A British man called Richard came to live in Thailand after doing jail time for fraud in the United Kingdom. He was determined to make a mark in the steroid business. Richard had taken up with an Iranian partner named Mark, who also referred to himself as Justin. Together, the two men started an underground steroid manufacturing operation. They called it "The British Dragon", a name very similar to the popular Thai maker of Anabol. The business started simply. They would copy Thai Anabol. The two men asked a third individual, Kenneth C (CNK International) in China to mold the pink pentangle shaped tablets. The copy was excellent. So good, in fact, that the real marker of Anabol (The British Dispensary) started pressing their snake logo in their tablets, and using a golden hologram on their bottles, to differentiate from this counterfeit.
In March of 2000, under pressure from United States, Thai authorities cooperated to shut down online pharmacies in that country that illegally sold prescription drugs to customers in the United States. These pharmacies sold many drugs including Viagra, tranquilizers, and anabolic steroids. All required prescriptions in the United States, and were being exported from Thailand in violation of local law. Acting on information supplied by U.S. officials, Thai police raided locations in Bangkok and Chiang Mai and arrested 22 people on suspicion of violating Thailand's drug and export laws. The Investigators seized nearly 2.5 million dosage units of drugs. This arrest would change the Thai market dramatically.
Following this series of raids it was almost impossible to get any illegal products past Thai customs. This would be the breakthrough that launched British Dragon from a small obscure operation, to an enormous multi-national steroid empire. The British Dragon organization was soon manufacturing virtually every popular steroid, both orals and injectables, under their own label. As their reputation grew, they developed their own security measures, such as hologram stickers and custom formed stoppers/caps. The expansions were very fast, and very dramatic. To their credit, the British Dragon group was very enterprising. The lab quickly became one of the leading suppliers of steroids on the black markets of many countries worldwide. Even in the U.S. market, the initials BD were well known.
I received lots of mails about British Dragon, but this one I want to quote one. It came from someone close to Richard at one time, though the source wishes to remain unnamed in the book.

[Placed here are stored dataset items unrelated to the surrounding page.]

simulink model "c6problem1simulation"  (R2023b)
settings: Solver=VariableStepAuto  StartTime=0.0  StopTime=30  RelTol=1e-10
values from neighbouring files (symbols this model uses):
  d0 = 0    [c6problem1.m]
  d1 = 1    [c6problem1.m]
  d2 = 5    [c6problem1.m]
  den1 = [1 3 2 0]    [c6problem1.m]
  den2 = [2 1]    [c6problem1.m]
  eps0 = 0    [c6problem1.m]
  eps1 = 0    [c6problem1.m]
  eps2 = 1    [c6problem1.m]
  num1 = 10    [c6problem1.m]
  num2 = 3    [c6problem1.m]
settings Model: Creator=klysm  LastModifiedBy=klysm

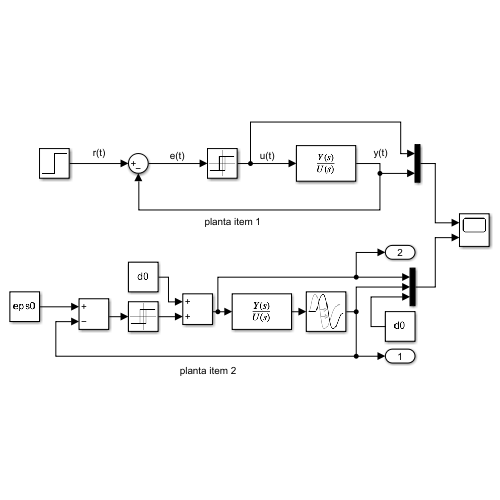
[thumbnail: Simulink's stored preview of the top-level diagram]
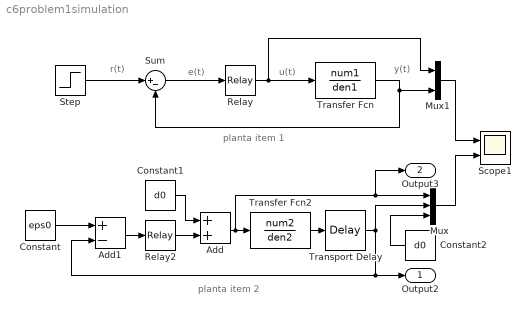
== system c6problem1simulation ==
  note: planta item 1
  note: e(t)
  note: u(t)
  note: y(t)
  note: r(t)
  note: planta item 2
  Add : Sum
  Add1 : Sum  Inputs=+-
  Constant : Constant  Value=eps0
  Constant1 : Constant  Value=d0
  Constant2 : Constant  Value=d0
  Mux : Mux  Inputs=3
  Mux1 : Mux  Inputs=2
  Relay : Relay  OnSwitchValue=eps1  OffSwitchValue=eps1  OnOutputValue=d1  OffOutputValue=-d1
  Relay2 : Relay  OnSwitchValue=eps2  OffSwitchValue=eps2  OnOutputValue=d2  OffOutputValue=-d2
  Scope1 : Scope  NumInputPorts=2
  Step : Step  Before=-1  SampleTime=1
  Sum : Sum  Inputs=|+-
  Transfer Fcn : TransferFcn  Numerator=num1  Denominator=den1
  Transfer Fcn2 : TransferFcn  Numerator=num2  Denominator=den2
  Transport Delay : TransportDelay  DelayTime=0.1
  Output2 : Outport
  Output3 : Outport  Port=2
  wires:
  Transfer Fcn/1 -> Mux1/2, Sum/2
  Relay2/1 -> Add/2
  Add1/1 -> Relay2/1
  Constant1/1 -> Add/1
  Constant/1 -> Add1/1
  Add/1 -> Output3/1, Mux/1, Transfer Fcn2/1
  Transfer Fcn2/1 -> Transport Delay/1
  Mux/1 -> Scope1/2
  Constant2/1 -> Mux/3
  Transport Delay/1 -> Add1/2, Output2/1, Mux/2
  Mux1/1 -> Scope1/1
  Step/1 -> Sum/1
  Sum/1 -> Relay/1
  Relay/1 -> Mux1/1, Transfer Fcn/1

_"Now that the whole BD thing is over I'll tell you something about British Dragon that I never said before because I didn't wanna stir shit up because at the time this board came online I really didn't know for sure. I used to talk to this guy 'Richard' just about every week circa 2003-04 ; the way they used to do it is he would fly out from Thailand to Greece every month, his friend 'Mark' would meet him there, they would make BD in this little room over there when they met, as he described it there were absolutely no atomized processes there, he said they would just mix the oil and alcohol with the powder in a big glass thing, they would then draw the oil out of the bid glass thing into a big syringe, like a 100ml one and the fill up the 10ml vials one by one; I never asked about filtering but it's safe to say that not a single BD vials has ever been filtered or heated, and if it were heated maybe just to get the test prop or tren to suspend fully. Richard described these sessions as marathon, in that they would work for 16 hours strait those few days that they were there and that was that months supply of BD vials. they would then ship to their sources from within the EU. He said that the closest thing they had to any mass production equipment was this little hand-held thing that would put the labels on strait. Labels and tops were the only thing Richard and Mark ever seemed concerned about."_

While the early production methods may have been crude, British Dragon probably did not stay a "garage" operation. With significant money rolling in, the group began improving its production methods. They started to filter through a two-way Millipore system. They wanted to start manufacturing according the pharmaceutical guidelines in Eastern Europe. The group reportedly starting having a drug contract manufacturing facility make some of their products.
The British Dragon organization was lucky to have Mark, perhaps mostly for his Chinese girlfriend Rebecca (real name Youlan). She was able to help the group obtain high quality API steroid powders. This was proven with The Hartford Courant analyses, when some products of the British Dragon where compared with other Underground Labs and counterfeits. Many Chinese raw materials have a high heavy metal and acid content. This can cause pain even if the benzyl alcohol content is low. Rebecca and Mark had to pay more money for the materials, but they were much more refined than what is usually sent out to other underground labs. Rebecca assured this as she worked with a Chinese research lab to analyze the raw materials. The high quality of the used ingredients amplified the good reputation of the brand name. This, and the strong marketing of a Russian partner named Retabolil. Both Retabolil and Rebecca were very knowledgeable and alert.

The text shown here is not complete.